§ Input data

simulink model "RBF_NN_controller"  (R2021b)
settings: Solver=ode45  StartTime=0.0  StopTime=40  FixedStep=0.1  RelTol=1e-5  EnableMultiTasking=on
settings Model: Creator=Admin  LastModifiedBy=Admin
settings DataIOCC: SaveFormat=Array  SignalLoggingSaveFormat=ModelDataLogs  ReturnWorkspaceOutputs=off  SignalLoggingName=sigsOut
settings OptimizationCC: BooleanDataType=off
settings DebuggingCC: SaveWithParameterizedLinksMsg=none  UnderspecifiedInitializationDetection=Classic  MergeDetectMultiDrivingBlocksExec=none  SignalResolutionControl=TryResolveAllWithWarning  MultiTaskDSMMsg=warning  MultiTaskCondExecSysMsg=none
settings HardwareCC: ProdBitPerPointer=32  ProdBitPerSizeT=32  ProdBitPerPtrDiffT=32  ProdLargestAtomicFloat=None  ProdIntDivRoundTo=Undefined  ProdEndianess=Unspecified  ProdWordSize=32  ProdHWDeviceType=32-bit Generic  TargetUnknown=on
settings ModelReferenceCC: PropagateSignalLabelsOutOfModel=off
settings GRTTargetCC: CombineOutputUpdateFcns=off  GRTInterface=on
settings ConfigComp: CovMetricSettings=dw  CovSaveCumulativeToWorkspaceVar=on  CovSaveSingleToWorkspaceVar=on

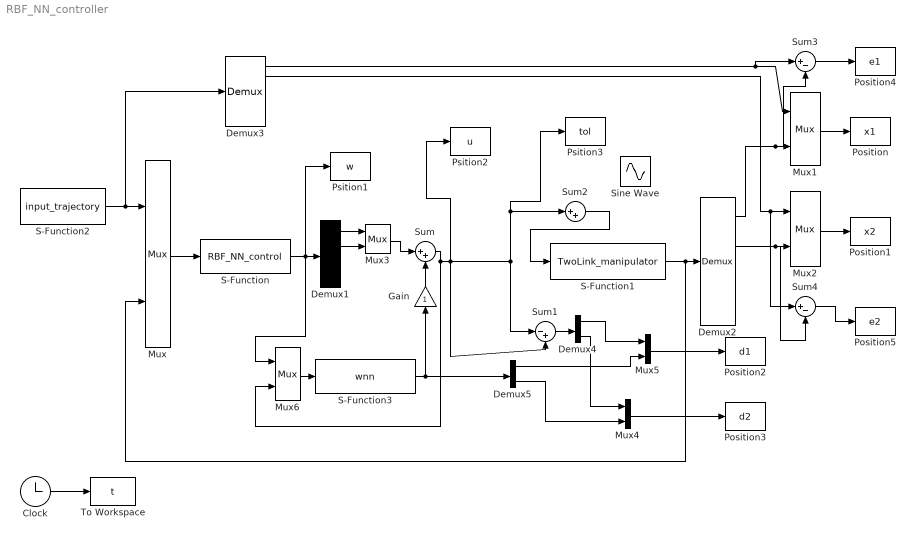
== system RBF_NN_controller ==
  Clock : Clock
  Demux1 : Demux
      settings: DisplayOption=none
  Demux2 : Demux
      settings: DisplayOption=none
  Demux3 : Demux  Outputs=6
      settings: DisplayOption=none
  Demux4 : Demux  Outputs=2
  Demux5 : Demux  Outputs=2
  Gain : Gain  SaturateOnIntegerOverflow=on  OutDataTypeStr=Inherit: Same as input  ParamDataTypeStr=Inherit: Same as input
  Mux{,1..6} (7 alike) : Mux  Inputs=2
  Position : ToWorkspace  VariableName=x1  SampleTime=-1
  Position1 : ToWorkspace  VariableName=x2  SampleTime=-1
  Position2 : ToWorkspace  VariableName=d1  SampleTime=-1
  Position3 : ToWorkspace  VariableName=d2  SampleTime=-1
  Position4 : ToWorkspace  VariableName=e1  SampleTime=-1
  Position5 : ToWorkspace  VariableName=e2  SampleTime=-1
  Psition1 : ToWorkspace  VariableName=w  SampleTime=-1
  Psition2 : ToWorkspace  VariableName=u  SampleTime=-1
  Psition3 : ToWorkspace  VariableName=tol  SampleTime=-1
  S-Function : S-Function  FunctionName=RBF_NN_control  SFunctionDeploymentMode=off  EnableBusSupport=off
  S-Function1 : S-Function  FunctionName=TwoLink_manipulator  SFunctionDeploymentMode=off  EnableBusSupport=off
  S-Function2 : S-Function  FunctionName=input_trajectory  SFunctionDeploymentMode=off  EnableBusSupport=off
  S-Function3 : S-Function  FunctionName=wnn  SFunctionDeploymentMode=off  EnableBusSupport=off
  Sine Wave : Sin  Amplitude=[20;20]  Bias=[0;0]  Frequency=[0.5;0.5]  Phase=[5;5]  SampleTime=0
  Sum : Sum  Inputs=|++  SaturateOnIntegerOverflow=on
  Sum1 : Sum  Inputs=|-+  SaturateOnIntegerOverflow=on
  Sum2 : Sum  Inputs=|++  SaturateOnIntegerOverflow=on
  Sum3 : Sum  Inputs=|+-
  Sum4 : Sum  Inputs=|+-
  To Workspace : ToWorkspace  VariableName=t  SampleTime=-1
  wires:
  S-Function/1 -> Demux1/1, Psition1/1, Mux6/1
  Demux2/1 -> Sum3/2, Mux1/2
  S-Function2/1 -> Demux3/1, Mux/1
  Demux2/2 -> Sum4/2, Mux2/2
  Demux3/1 -> Sum3/1, Mux1/1
  Demux3/2 -> Sum4/1, Mux2/1
  S-Function1/1 -> Mux/2, Demux2/1
  Demux1/1 -> Mux3/1
  Demux1/2 -> Mux3/2
  Sum/1 -> Sum2/1, Psition3/1, Sum1/1, Sum1/2, Psition2/1, Mux6/2
  Mux3/1 -> Sum/1
  S-Function3/1 -> Gain/1, Demux5/1
  Mux6/1 -> S-Function3/1
  Mux1/1 -> Position/1
  Mux2/1 -> Position1/1
  Mux/1 -> S-Function/1
  Mux5/1 -> Position2/1
  Gain/1 -> Sum/2
  Sum1/1 -> Demux4/1
  Demux4/1 -> Mux5/1
  Demux5/1 -> Mux5/2
  Mux4/1 -> Position3/1
  Demux4/2 -> Mux4/1
  Demux5/2 -> Mux4/2
  Clock/1 -> To Workspace/1
  Sum2/1 -> S-Function1/1
  Sum3/1 -> Position4/1
  Sum4/1 -> Position5/1

§ Brief
From the listing above, pick out each line where the word "Gain" appears.

§ Solution
  Gain : Gain  SaturateOnIntegerOverflow=on  OutDataTypeStr=Inherit: Same as input  ParamDataTypeStr=Inherit: Same as input
  S-Function3/1 -> Gain/1, Demux5/1
  Gain/1 -> Sum/2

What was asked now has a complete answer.